Michael Knowles is a junior in Davenport College and the Special Projects Coordinator at Friends of Nan Hayworth.

Comments

  • River Tam

    But… but… I thought the Tea Partiers were racist, homophobic morons being led by the unholy trinity of Rush, Beck, and the Ghost of William F Buckley!

  • Hitch2

    Michael, Michael, this is all wrong. The reason voters oppose Obama is because, well, he’s just… too wonderful

    http://www.nytimes.com/glogin?URI=http://www.nytimes.com/2010/10/28/books/28klopp.html&OQ=_rQ3D2Q26hpw&OP=7160936aQ2Fol.Q5CoQ2B)yQ3CQ5D))eXoXQ26Q25Q26oQ25Q26oXhoQ5C))Q51Q3CoXhQ51Q2F)Q23Q23Q22SeQ24Q2F

  • RexMottram08

    The most recent CBS/New York Times poll shows that only one in twelve Americans blames the economy on Obama, and seven in ten think the downturn is temporary. And yet, the Democratic party is falling apart.

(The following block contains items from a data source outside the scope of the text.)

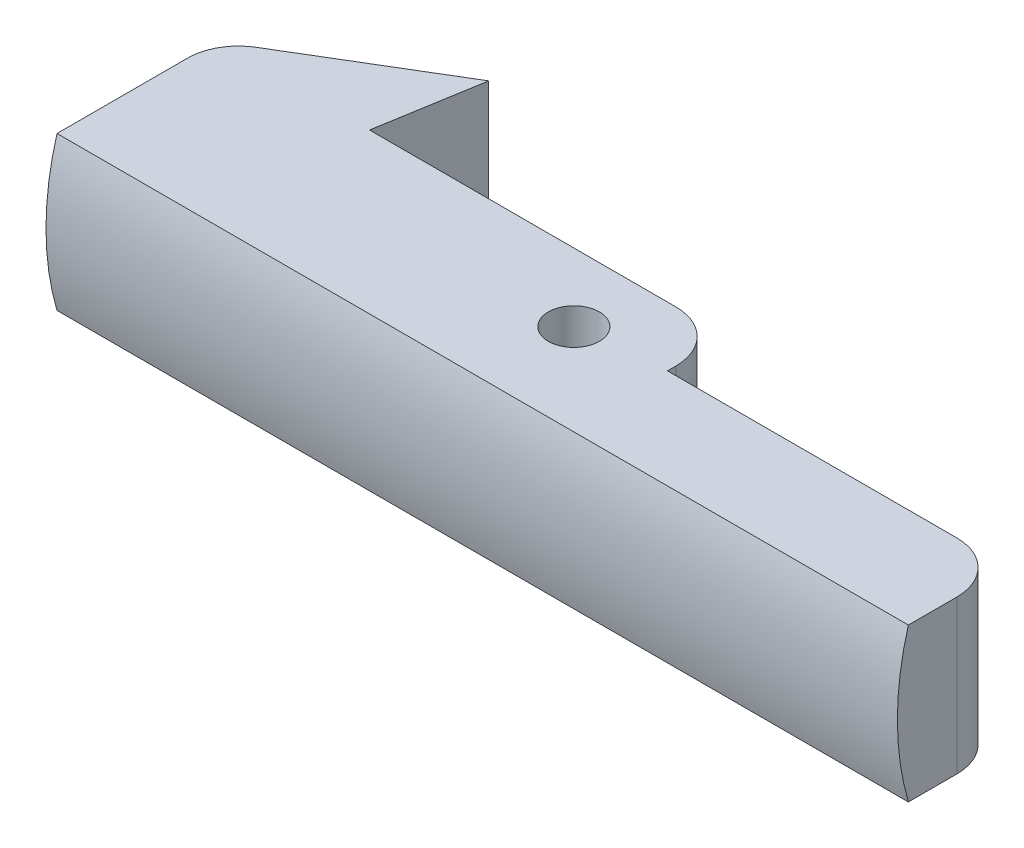
ISO-10303-21;
HEADER;
FILE_DESCRIPTION(('STEP AP214'),'2;1');
FILE_NAME('part.step','',(''),(''),'','','');
FILE_SCHEMA(('AUTOMOTIVE_DESIGN { 1 0 10303 214 1 1 1 1 }'));
ENDSEC;
DATA;
#1=APPLICATION_CONTEXT('core data for automotive mechanical design processes');
#2=APPLICATION_PROTOCOL_DEFINITION('international standard','automotive_design',2000,#1);
#3=PRODUCT_CONTEXT('',#1,'mechanical');
#4=PRODUCT('Part','Part','',(#3));
#5=PRODUCT_RELATED_PRODUCT_CATEGORY('part','',(#4));
#6=PRODUCT_DEFINITION_FORMATION('','',#4);
#7=PRODUCT_DEFINITION_CONTEXT('part definition',#1,'design');
#8=PRODUCT_DEFINITION('design','',#6,#7);
#9=PRODUCT_DEFINITION_SHAPE('','',#8);
#10=(LENGTH_UNIT() NAMED_UNIT(*) SI_UNIT(.MILLI.,.METRE.));
#11=(NAMED_UNIT(*) PLANE_ANGLE_UNIT() SI_UNIT($,.RADIAN.));
#12=(NAMED_UNIT(*) SI_UNIT($,.STERADIAN.) SOLID_ANGLE_UNIT());
#13=UNCERTAINTY_MEASURE_WITH_UNIT(LENGTH_MEASURE(1.E-05),#10,'distance_accuracy_value','');
#14=(GEOMETRIC_REPRESENTATION_CONTEXT(3) GLOBAL_UNCERTAINTY_ASSIGNED_CONTEXT((#13)) GLOBAL_UNIT_ASSIGNED_CONTEXT((#10,
#11,#12)) REPRESENTATION_CONTEXT('',''));
#15=CARTESIAN_POINT('',(0.,0.,0.));
#16=DIRECTION('',(0.,0.,1.));
#17=DIRECTION('',(1.,0.,0.));
#18=AXIS2_PLACEMENT_3D('',#15,#16,#17);
#19=CARTESIAN_POINT('',(50.,9.,-10.));
#20=DIRECTION('',(-1.,0.,0.));
#21=DIRECTION('',(0.,0.,1.));
#22=AXIS2_PLACEMENT_3D('',#19,#20,#21);
#23=PLANE('',#22);
#24=CARTESIAN_POINT('',(50.,4.5,-16.));
#25=DIRECTION('',(-1.,0.,0.));
#26=DIRECTION('',(0.,0.,1.));
#27=AXIS2_PLACEMENT_3D('',#24,#25,#26);
#28=CIRCLE('',#27,16.);
#29=CARTESIAN_POINT('',(50.,0.,-0.645847467215912));
#30=VERTEX_POINT('',#29);
#31=CARTESIAN_POINT('',(50.,9.,-0.645847467215913));
#32=VERTEX_POINT('',#31);
#33=EDGE_CURVE('E230',#30,#32,#28,.T.);
#34=ORIENTED_EDGE('',*,*,#33,.F.);
#35=DIRECTION('',(0.,0.,-1.));
#36=VECTOR('',#35,1.);
#37=CARTESIAN_POINT('',(50.,0.,-10.));
#38=LINE('',#37,#36);
#39=CARTESIAN_POINT('',(50.,0.,-3.5));
#40=VERTEX_POINT('',#39);
#41=EDGE_CURVE('E149',#30,#40,#38,.T.);
#42=ORIENTED_EDGE('',*,*,#41,.T.);
#43=DIRECTION('',(0.,1.,0.));
#44=VECTOR('',#43,1.);
#45=CARTESIAN_POINT('',(50.,9.,-3.5));
#46=LINE('',#45,#44);
#47=CARTESIAN_POINT('',(50.,9.,-3.5));
#48=VERTEX_POINT('',#47);
#49=EDGE_CURVE('E186',#40,#48,#46,.T.);
#50=ORIENTED_EDGE('',*,*,#49,.T.);
#51=DIRECTION('',(0.,0.,-1.));
#52=VECTOR('',#51,1.);
#53=CARTESIAN_POINT('',(50.,9.,-10.));
#54=LINE('',#53,#52);
#55=EDGE_CURVE('E155',#32,#48,#54,.T.);
#56=ORIENTED_EDGE('',*,*,#55,.F.);
#57=EDGE_LOOP('',(#34,#42,#50,#56));
#58=FACE_BOUND('',#57,.T.);
#59=ADVANCED_FACE('F53',(#58),#23,.F.);
#60=CARTESIAN_POINT('',(0.,9.,0.));
#61=DIRECTION('',(1.,0.,0.));
#62=DIRECTION('',(0.,0.,-1.));
#63=AXIS2_PLACEMENT_3D('',#60,#61,#62);
#64=PLANE('',#63);
#65=DIRECTION('',(0.,0.,1.));
#66=VECTOR('',#65,1.);
#67=CARTESIAN_POINT('',(0.,0.,0.));
#68=LINE('',#67,#66);
#69=CARTESIAN_POINT('',(0.,0.,-8.30142886309301));
#70=VERTEX_POINT('',#69);
#71=CARTESIAN_POINT('',(0.,0.,-0.645847467215912));
#72=VERTEX_POINT('',#71);
#73=EDGE_CURVE('E147',#70,#72,#68,.T.);
#74=ORIENTED_EDGE('',*,*,#73,.T.);
#75=CARTESIAN_POINT('',(0.,4.5,-16.));
#76=DIRECTION('',(-1.,0.,0.));
#77=DIRECTION('',(0.,0.,1.));
#78=AXIS2_PLACEMENT_3D('',#75,#76,#77);
#79=CIRCLE('',#78,16.);
#80=CARTESIAN_POINT('',(0.,9.,-0.645847467215913));
#81=VERTEX_POINT('',#80);
#82=EDGE_CURVE('E134',#72,#81,#79,.T.);
#83=ORIENTED_EDGE('',*,*,#82,.T.);
#84=DIRECTION('',(0.,0.,1.));
#85=VECTOR('',#84,1.);
#86=CARTESIAN_POINT('',(0.,9.,0.));
#87=LINE('',#86,#85);
#88=CARTESIAN_POINT('',(0.,9.,-8.30142886309301));
#89=VERTEX_POINT('',#88);
#90=EDGE_CURVE('E169',#89,#81,#87,.T.);
#91=ORIENTED_EDGE('',*,*,#90,.F.);
#92=DIRECTION('',(0.,-1.,0.));
#93=VECTOR('',#92,1.);
#94=CARTESIAN_POINT('',(0.,9.,-8.30142886309301));
#95=LINE('',#94,#93);
#96=EDGE_CURVE('E154',#89,#70,#95,.T.);
#97=ORIENTED_EDGE('',*,*,#96,.T.);
#98=EDGE_LOOP('',(#74,#83,#91,#97));
#99=FACE_BOUND('',#98,.T.);
#100=ADVANCED_FACE('F152',(#99),#64,.F.);
#101=CARTESIAN_POINT('',(0.,0.,0.));
#102=DIRECTION('',(0.,-1.,0.));
#103=DIRECTION('',(0.,0.,-1.));
#104=AXIS2_PLACEMENT_3D('',#101,#102,#103);
#105=PLANE('',#104);
#106=CARTESIAN_POINT('',(25.,0.,-6.));
#107=DIRECTION('',(0.,1.,0.));
#108=DIRECTION('',(0.,0.,1.));
#109=AXIS2_PLACEMENT_3D('',#106,#107,#108);
#110=CIRCLE('',#109,1.5);
#111=CARTESIAN_POINT('',(25.,0.,-4.5));
#112=VERTEX_POINT('',#111);
#113=EDGE_CURVE('E213',#112,#112,#110,.T.);
#114=ORIENTED_EDGE('',*,*,#113,.T.);
#115=EDGE_LOOP('',(#114));
#116=FACE_BOUND('',#115,.T.);
#117=ORIENTED_EDGE('',*,*,#41,.F.);
#118=DIRECTION('',(-1.,0.,0.));
#119=VECTOR('',#118,1.);
#120=CARTESIAN_POINT('',(51.,0.,-0.645847467215912));
#121=LINE('',#120,#119);
#122=EDGE_CURVE('E137',#30,#72,#121,.T.);
#123=ORIENTED_EDGE('',*,*,#122,.T.);
#124=ORIENTED_EDGE('',*,*,#73,.F.);
#125=CARTESIAN_POINT('',(3.,0.,-8.30142886309301));
#126=DIRECTION('',(0.,-1.,0.));
#127=DIRECTION('',(0.,0.,-1.));
#128=AXIS2_PLACEMENT_3D('',#125,#126,#127);
#129=CIRCLE('',#128,3.);
#130=CARTESIAN_POINT('',(1.45651273371746,0.,-10.8739076402307));
#131=VERTEX_POINT('',#130);
#132=EDGE_CURVE('E177',#70,#131,#129,.T.);
#133=ORIENTED_EDGE('',*,*,#132,.T.);
#134=DIRECTION('',(-0.857492925712553,0.,0.514495755427513));
#135=VECTOR('',#134,1.);
#136=CARTESIAN_POINT('',(0.,0.,-10.0000000000002));
#137=LINE('',#136,#135);
#138=CARTESIAN_POINT('',(10.,0.,-16.));
#139=VERTEX_POINT('',#138);
#140=EDGE_CURVE('E156',#139,#131,#137,.T.);
#141=ORIENTED_EDGE('',*,*,#140,.F.);
#142=DIRECTION('',(0.164398987305358,0.,-0.986393923832144));
#143=VECTOR('',#142,1.);
#144=CARTESIAN_POINT('',(10.,0.,-16.));
#145=LINE('',#144,#143);
#146=CARTESIAN_POINT('',(9.,0.,-10.));
#147=VERTEX_POINT('',#146);
#148=EDGE_CURVE('E161',#147,#139,#145,.T.);
#149=ORIENTED_EDGE('',*,*,#148,.F.);
#150=DIRECTION('',(-1.,0.,0.));
#151=VECTOR('',#150,1.);
#152=CARTESIAN_POINT('',(9.,0.,-10.));
#153=LINE('',#152,#151);
#154=CARTESIAN_POINT('',(27.,0.,-10.));
#155=VERTEX_POINT('',#154);
#156=EDGE_CURVE('E196',#155,#147,#153,.T.);
#157=ORIENTED_EDGE('',*,*,#156,.F.);
#158=CARTESIAN_POINT('',(27.,0.,-7.));
#159=DIRECTION('',(0.,-1.,0.));
#160=DIRECTION('',(0.,0.,-1.));
#161=AXIS2_PLACEMENT_3D('',#158,#159,#160);
#162=CIRCLE('',#161,3.);
#163=CARTESIAN_POINT('',(30.,0.,-7.));
#164=VERTEX_POINT('',#163);
#165=EDGE_CURVE('E173',#155,#164,#162,.T.);
#166=ORIENTED_EDGE('',*,*,#165,.T.);
#167=DIRECTION('',(0.,0.,-1.));
#168=VECTOR('',#167,1.);
#169=CARTESIAN_POINT('',(30.,0.,0.));
#170=LINE('',#169,#168);
#171=CARTESIAN_POINT('',(30.,0.,-6.5));
#172=VERTEX_POINT('',#171);
#173=EDGE_CURVE('E220',#172,#164,#170,.T.);
#174=ORIENTED_EDGE('',*,*,#173,.F.);
#175=DIRECTION('',(-1.,0.,0.));
#176=VECTOR('',#175,1.);
#177=CARTESIAN_POINT('',(0.,0.,-6.5));
#178=LINE('',#177,#176);
#179=CARTESIAN_POINT('',(47.,0.,-6.5));
#180=VERTEX_POINT('',#179);
#181=EDGE_CURVE('E216',#180,#172,#178,.T.);
#182=ORIENTED_EDGE('',*,*,#181,.F.);
#183=CARTESIAN_POINT('',(47.,0.,-3.5));
#184=DIRECTION('',(0.,-1.,0.));
#185=DIRECTION('',(0.,0.,-1.));
#186=AXIS2_PLACEMENT_3D('',#183,#184,#185);
#187=CIRCLE('',#186,3.);
#188=EDGE_CURVE('E175',#180,#40,#187,.T.);
#189=ORIENTED_EDGE('',*,*,#188,.T.);
#190=EDGE_LOOP('',(#117,#123,#124,#133,#141,#149,#157,#166,#174,#182,#189));
#191=FACE_BOUND('',#190,.T.);
#192=ADVANCED_FACE('F146',(#116,#191),#105,.T.);
#193=CARTESIAN_POINT('',(0.,9.,0.));
#194=DIRECTION('',(0.,-1.,0.));
#195=DIRECTION('',(0.,0.,-1.));
#196=AXIS2_PLACEMENT_3D('',#193,#194,#195);
#197=PLANE('',#196);
#198=CARTESIAN_POINT('',(25.,9.,-6.));
#199=DIRECTION('',(0.,1.,0.));
#200=DIRECTION('',(0.,0.,1.));
#201=AXIS2_PLACEMENT_3D('',#198,#199,#200);
#202=CIRCLE('',#201,1.5);
#203=CARTESIAN_POINT('',(25.,9.,-4.5));
#204=VERTEX_POINT('',#203);
#205=EDGE_CURVE('E203',#204,#204,#202,.T.);
#206=ORIENTED_EDGE('',*,*,#205,.F.);
#207=EDGE_LOOP('',(#206));
#208=FACE_BOUND('',#207,.T.);
#209=DIRECTION('',(-1.,0.,0.));
#210=VECTOR('',#209,1.);
#211=CARTESIAN_POINT('',(51.,9.,-0.645847467215913));
#212=LINE('',#211,#210);
#213=EDGE_CURVE('E68',#32,#81,#212,.T.);
#214=ORIENTED_EDGE('',*,*,#213,.F.);
#215=ORIENTED_EDGE('',*,*,#55,.T.);
#216=CARTESIAN_POINT('',(47.,9.,-3.5));
#217=DIRECTION('',(0.,-1.,0.));
#218=DIRECTION('',(0.,0.,-1.));
#219=AXIS2_PLACEMENT_3D('',#216,#217,#218);
#220=CIRCLE('',#219,3.);
#221=CARTESIAN_POINT('',(47.,9.,-6.5));
#222=VERTEX_POINT('',#221);
#223=EDGE_CURVE('E182',#48,#222,#220,.F.);
#224=ORIENTED_EDGE('',*,*,#223,.T.);
#225=DIRECTION('',(1.,0.,0.));
#226=VECTOR('',#225,1.);
#227=CARTESIAN_POINT('',(30.,9.,-6.5));
#228=LINE('',#227,#226);
#229=CARTESIAN_POINT('',(30.,9.,-6.5));
#230=VERTEX_POINT('',#229);
#231=EDGE_CURVE('E225',#230,#222,#228,.T.);
#232=ORIENTED_EDGE('',*,*,#231,.F.);
#233=DIRECTION('',(0.,0.,1.));
#234=VECTOR('',#233,1.);
#235=CARTESIAN_POINT('',(30.,9.,-10.));
#236=LINE('',#235,#234);
#237=CARTESIAN_POINT('',(30.,9.,-7.));
#238=VERTEX_POINT('',#237);
#239=EDGE_CURVE('E228',#238,#230,#236,.T.);
#240=ORIENTED_EDGE('',*,*,#239,.F.);
#241=CARTESIAN_POINT('',(27.,9.,-7.));
#242=DIRECTION('',(0.,-1.,0.));
#243=DIRECTION('',(0.,0.,-1.));
#244=AXIS2_PLACEMENT_3D('',#241,#242,#243);
#245=CIRCLE('',#244,3.);
#246=CARTESIAN_POINT('',(27.,9.,-10.));
#247=VERTEX_POINT('',#246);
#248=EDGE_CURVE('E76',#238,#247,#245,.F.);
#249=ORIENTED_EDGE('',*,*,#248,.T.);
#250=DIRECTION('',(-1.,0.,0.));
#251=VECTOR('',#250,1.);
#252=CARTESIAN_POINT('',(9.,9.,-10.));
#253=LINE('',#252,#251);
#254=CARTESIAN_POINT('',(9.,9.,-10.));
#255=VERTEX_POINT('',#254);
#256=EDGE_CURVE('E158',#247,#255,#253,.T.);
#257=ORIENTED_EDGE('',*,*,#256,.T.);
#258=DIRECTION('',(0.164398987305358,0.,-0.986393923832144));
#259=VECTOR('',#258,1.);
#260=CARTESIAN_POINT('',(10.,9.,-16.));
#261=LINE('',#260,#259);
#262=CARTESIAN_POINT('',(10.,9.,-16.));
#263=VERTEX_POINT('',#262);
#264=EDGE_CURVE('E210',#255,#263,#261,.T.);
#265=ORIENTED_EDGE('',*,*,#264,.T.);
#266=DIRECTION('',(-0.857492925712553,0.,0.514495755427513));
#267=VECTOR('',#266,1.);
#268=CARTESIAN_POINT('',(0.,9.,-10.0000000000002));
#269=LINE('',#268,#267);
#270=CARTESIAN_POINT('',(1.45651273371746,9.,-10.8739076402307));
#271=VERTEX_POINT('',#270);
#272=EDGE_CURVE('E207',#263,#271,#269,.T.);
#273=ORIENTED_EDGE('',*,*,#272,.T.);
#274=CARTESIAN_POINT('',(3.,9.,-8.30142886309301));
#275=DIRECTION('',(0.,-1.,0.));
#276=DIRECTION('',(0.,0.,-1.));
#277=AXIS2_PLACEMENT_3D('',#274,#275,#276);
#278=CIRCLE('',#277,3.);
#279=EDGE_CURVE('E184',#271,#89,#278,.F.);
#280=ORIENTED_EDGE('',*,*,#279,.T.);
#281=ORIENTED_EDGE('',*,*,#90,.T.);
#282=EDGE_LOOP('',(#214,#215,#224,#232,#240,#249,#257,#265,#273,#280,#281));
#283=FACE_BOUND('',#282,.T.);
#284=ADVANCED_FACE('F234',(#208,#283),#197,.F.);
#285=CARTESIAN_POINT('',(9.,9.,-10.));
#286=DIRECTION('',(0.,0.,1.));
#287=DIRECTION('',(1.,0.,0.));
#288=AXIS2_PLACEMENT_3D('',#285,#286,#287);
#289=PLANE('',#288);
#290=ORIENTED_EDGE('',*,*,#256,.F.);
#291=DIRECTION('',(0.,-1.,0.));
#292=VECTOR('',#291,1.);
#293=CARTESIAN_POINT('',(27.,9.,-10.));
#294=LINE('',#293,#292);
#295=EDGE_CURVE('E61',#247,#155,#294,.T.);
#296=ORIENTED_EDGE('',*,*,#295,.T.);
#297=ORIENTED_EDGE('',*,*,#156,.T.);
#298=DIRECTION('',(0.,-1.,0.));
#299=VECTOR('',#298,1.);
#300=CARTESIAN_POINT('',(9.,9.,-10.));
#301=LINE('',#300,#299);
#302=EDGE_CURVE('E168',#255,#147,#301,.T.);
#303=ORIENTED_EDGE('',*,*,#302,.F.);
#304=EDGE_LOOP('',(#290,#296,#297,#303));
#305=FACE_BOUND('',#304,.T.);
#306=ADVANCED_FACE('F194',(#305),#289,.F.);
#307=CARTESIAN_POINT('',(10.,9.,-16.));
#308=DIRECTION('',(-0.986393923832144,0.,-0.164398987305358));
#309=DIRECTION('',(-0.164398987305358,0.,0.986393923832144));
#310=AXIS2_PLACEMENT_3D('',#307,#308,#309);
#311=PLANE('',#310);
#312=ORIENTED_EDGE('',*,*,#148,.T.);
#313=DIRECTION('',(0.,-1.,0.));
#314=VECTOR('',#313,1.);
#315=CARTESIAN_POINT('',(10.,9.,-16.));
#316=LINE('',#315,#314);
#317=EDGE_CURVE('E165',#263,#139,#316,.T.);
#318=ORIENTED_EDGE('',*,*,#317,.F.);
#319=ORIENTED_EDGE('',*,*,#264,.F.);
#320=ORIENTED_EDGE('',*,*,#302,.T.);
#321=EDGE_LOOP('',(#312,#318,#319,#320));
#322=FACE_BOUND('',#321,.T.);
#323=ADVANCED_FACE('F279',(#322),#311,.F.);
#324=CARTESIAN_POINT('',(0.,9.,-10.0000000000002));
#325=DIRECTION('',(0.514495755427513,0.,0.857492925712552));
#326=DIRECTION('',(0.857492925712552,0.,-0.514495755427513));
#327=AXIS2_PLACEMENT_3D('',#324,#325,#326);
#328=PLANE('',#327);
#329=ORIENTED_EDGE('',*,*,#140,.T.);
#330=DIRECTION('',(0.,-1.,0.));
#331=VECTOR('',#330,1.);
#332=CARTESIAN_POINT('',(1.45651273371746,9.,-10.8739076402307));
#333=LINE('',#332,#331);
#334=EDGE_CURVE('E179',#131,#271,#333,.F.);
#335=ORIENTED_EDGE('',*,*,#334,.T.);
#336=ORIENTED_EDGE('',*,*,#272,.F.);
#337=ORIENTED_EDGE('',*,*,#317,.T.);
#338=EDGE_LOOP('',(#329,#335,#336,#337));
#339=FACE_BOUND('',#338,.T.);
#340=ADVANCED_FACE('F277',(#339),#328,.F.);
#341=CARTESIAN_POINT('',(25.,9.,-6.));
#342=DIRECTION('',(0.,-1.,0.));
#343=DIRECTION('',(0.,0.,-1.));
#344=AXIS2_PLACEMENT_3D('',#341,#342,#343);
#345=CYLINDRICAL_SURFACE('',#344,1.5);
#346=ORIENTED_EDGE('',*,*,#205,.T.);
#347=EDGE_LOOP('',(#346));
#348=FACE_BOUND('',#347,.T.);
#349=ORIENTED_EDGE('',*,*,#113,.F.);
#350=EDGE_LOOP('',(#349));
#351=FACE_BOUND('',#350,.T.);
#352=ADVANCED_FACE('F285',(#348,#351),#345,.F.);
#353=CARTESIAN_POINT('',(30.,-9.,-6.5));
#354=DIRECTION('',(0.,0.,1.));
#355=DIRECTION('',(1.,0.,0.));
#356=AXIS2_PLACEMENT_3D('',#353,#354,#355);
#357=PLANE('',#356);
#358=ORIENTED_EDGE('',*,*,#231,.T.);
#359=DIRECTION('',(0.,1.,0.));
#360=VECTOR('',#359,1.);
#361=CARTESIAN_POINT('',(47.,-9.,-6.5));
#362=LINE('',#361,#360);
#363=EDGE_CURVE('E189',#222,#180,#362,.F.);
#364=ORIENTED_EDGE('',*,*,#363,.T.);
#365=ORIENTED_EDGE('',*,*,#181,.T.);
#366=DIRECTION('',(0.,1.,0.));
#367=VECTOR('',#366,1.);
#368=CARTESIAN_POINT('',(30.,-9.,-6.5));
#369=LINE('',#368,#367);
#370=EDGE_CURVE('E222',#172,#230,#369,.T.);
#371=ORIENTED_EDGE('',*,*,#370,.T.);
#372=EDGE_LOOP('',(#358,#364,#365,#371));
#373=FACE_BOUND('',#372,.T.);
#374=ADVANCED_FACE('F243',(#373),#357,.F.);
#375=CARTESIAN_POINT('',(30.,-9.,-10.));
#376=DIRECTION('',(-1.,0.,0.));
#377=DIRECTION('',(0.,0.,1.));
#378=AXIS2_PLACEMENT_3D('',#375,#376,#377);
#379=PLANE('',#378);
#380=ORIENTED_EDGE('',*,*,#173,.T.);
#381=DIRECTION('',(0.,-1.,0.));
#382=VECTOR('',#381,1.);
#383=CARTESIAN_POINT('',(30.,-9.,-7.));
#384=LINE('',#383,#382);
#385=EDGE_CURVE('E12',#164,#238,#384,.F.);
#386=ORIENTED_EDGE('',*,*,#385,.T.);
#387=ORIENTED_EDGE('',*,*,#239,.T.);
#388=ORIENTED_EDGE('',*,*,#370,.F.);
#389=EDGE_LOOP('',(#380,#386,#387,#388));
#390=FACE_BOUND('',#389,.T.);
#391=ADVANCED_FACE('F247',(#390),#379,.F.);
#392=CARTESIAN_POINT('',(3.,9.,-8.30142886309301));
#393=DIRECTION('',(0.,-1.,0.));
#394=DIRECTION('',(0.,0.,-1.));
#395=AXIS2_PLACEMENT_3D('',#392,#393,#394);
#396=CYLINDRICAL_SURFACE('',#395,3.);
#397=ORIENTED_EDGE('',*,*,#279,.F.);
#398=ORIENTED_EDGE('',*,*,#334,.F.);
#399=ORIENTED_EDGE('',*,*,#132,.F.);
#400=ORIENTED_EDGE('',*,*,#96,.F.);
#401=EDGE_LOOP('',(#397,#398,#399,#400));
#402=FACE_BOUND('',#401,.T.);
#403=ADVANCED_FACE('F255',(#402),#396,.T.);
#404=CARTESIAN_POINT('',(47.,9.,-3.5));
#405=DIRECTION('',(0.,1.,0.));
#406=DIRECTION('',(0.,0.,1.));
#407=AXIS2_PLACEMENT_3D('',#404,#405,#406);
#408=CYLINDRICAL_SURFACE('',#407,3.);
#409=ORIENTED_EDGE('',*,*,#188,.F.);
#410=ORIENTED_EDGE('',*,*,#363,.F.);
#411=ORIENTED_EDGE('',*,*,#223,.F.);
#412=ORIENTED_EDGE('',*,*,#49,.F.);
#413=EDGE_LOOP('',(#409,#410,#411,#412));
#414=FACE_BOUND('',#413,.T.);
#415=ADVANCED_FACE('F239',(#414),#408,.T.);
#416=CARTESIAN_POINT('',(27.,9.,-7.));
#417=DIRECTION('',(0.,-1.,0.));
#418=DIRECTION('',(0.,0.,-1.));
#419=AXIS2_PLACEMENT_3D('',#416,#417,#418);
#420=CYLINDRICAL_SURFACE('',#419,3.);
#421=ORIENTED_EDGE('',*,*,#248,.F.);
#422=ORIENTED_EDGE('',*,*,#385,.F.);
#423=ORIENTED_EDGE('',*,*,#165,.F.);
#424=ORIENTED_EDGE('',*,*,#295,.F.);
#425=EDGE_LOOP('',(#421,#422,#423,#424));
#426=FACE_BOUND('',#425,.T.);
#427=ADVANCED_FACE('F55',(#426),#420,.T.);
#428=CARTESIAN_POINT('',(51.,4.5,-16.));
#429=DIRECTION('',(-1.,0.,0.));
#430=DIRECTION('',(0.,0.,1.));
#431=AXIS2_PLACEMENT_3D('',#428,#429,#430);
#432=CYLINDRICAL_SURFACE('',#431,16.);
#433=ORIENTED_EDGE('',*,*,#33,.T.);
#434=ORIENTED_EDGE('',*,*,#213,.T.);
#435=ORIENTED_EDGE('',*,*,#82,.F.);
#436=ORIENTED_EDGE('',*,*,#122,.F.);
#437=EDGE_LOOP('',(#433,#434,#435,#436));
#438=FACE_BOUND('',#437,.T.);
#439=ADVANCED_FACE('F136',(#438),#432,.T.);
#440=CLOSED_SHELL('',(#59,#100,#192,#284,#306,#323,#340,#352,#374,#391,#403,#415,#427,#439));
#441=MANIFOLD_SOLID_BREP('B2',#440);
#442=ADVANCED_BREP_SHAPE_REPRESENTATION('',(#18,#441),#14);
#443=SHAPE_DEFINITION_REPRESENTATION(#9,#442);
ENDSEC;
END-ISO-10303-21;

    Democrats are 4 points behind among women, a constituency Democrats had owned for decades; a staggering 20 points behind among independents (a 28-point swing since 2008); and 20 points behind among college graduates.

  • Branfordalum

    Michael: You have the right to free speech under the Constitution, but you do not have the right to infringe a copyright, which you did with your parody song. John Hall has a perfect right to threaten legal action. You would do the same, if someone did that to you. As for your political argument, although you are young, I would expect you to have a better sense of history than you show in this editorial. Our current economic morass is not the result of the policies enacted by Congress over the past two years. They are the consequence of eight years of fiscal recklessness during the Bush years. You don’t cut taxes while you’re fighting two wars. You don’t enact a huge Medicare drug benefit without paying for it. You don’t appoint regulators who don’t regulate because they think businesses should so whatever they want. Income inequality has been growing exponentially in this country since the “Reagan Revolution” and people have been living off credit for years and years. The bubble finally burst and it’s going to take a long time for us to get out of the hole we’re in. All Obama and the Democrats have been trying to do is “prime the pump” by putting demand into the economy while business and the banks sit on the sidelines. I don’t agree with everything they’ve done, but unlike the Republicans, they have worked to find solutions to the problems we have. John Hall has been an outstanding Congressman and the people of NY-19 have been very fortunate to have him. I have contributed to his campaign and plan to lend a hand getting out the vote for him over the next few days, even though I don’t live in the district.

  • Standards

    Actually, as far as copyrights go, if Michael isn’t selling the song it is protected as a parody. It might be a bit murky with the merch store on his website, where the song could be seen as an advertisement, though.

    It’s not as clear cut as either Branfordalum or Knowles are making this issue, but I can see a case for both sides.

  • harmonsiegel

    @Branfordalum: commercial parody is protected speech. Campbell v. Acuff-Rose Music, 510 U.S. 569.

  • pablum

    The editors of the YDN must have missed the fact that ‘Democrat’ is a noun, not an adjective.

    I know that Mr. Knowles is young, but he’s surely not too young to remember that a lot of the problems he rattles off were present before Mr. Obama was elected. I guess it’s OK to play with the truth when you want to win an election, though.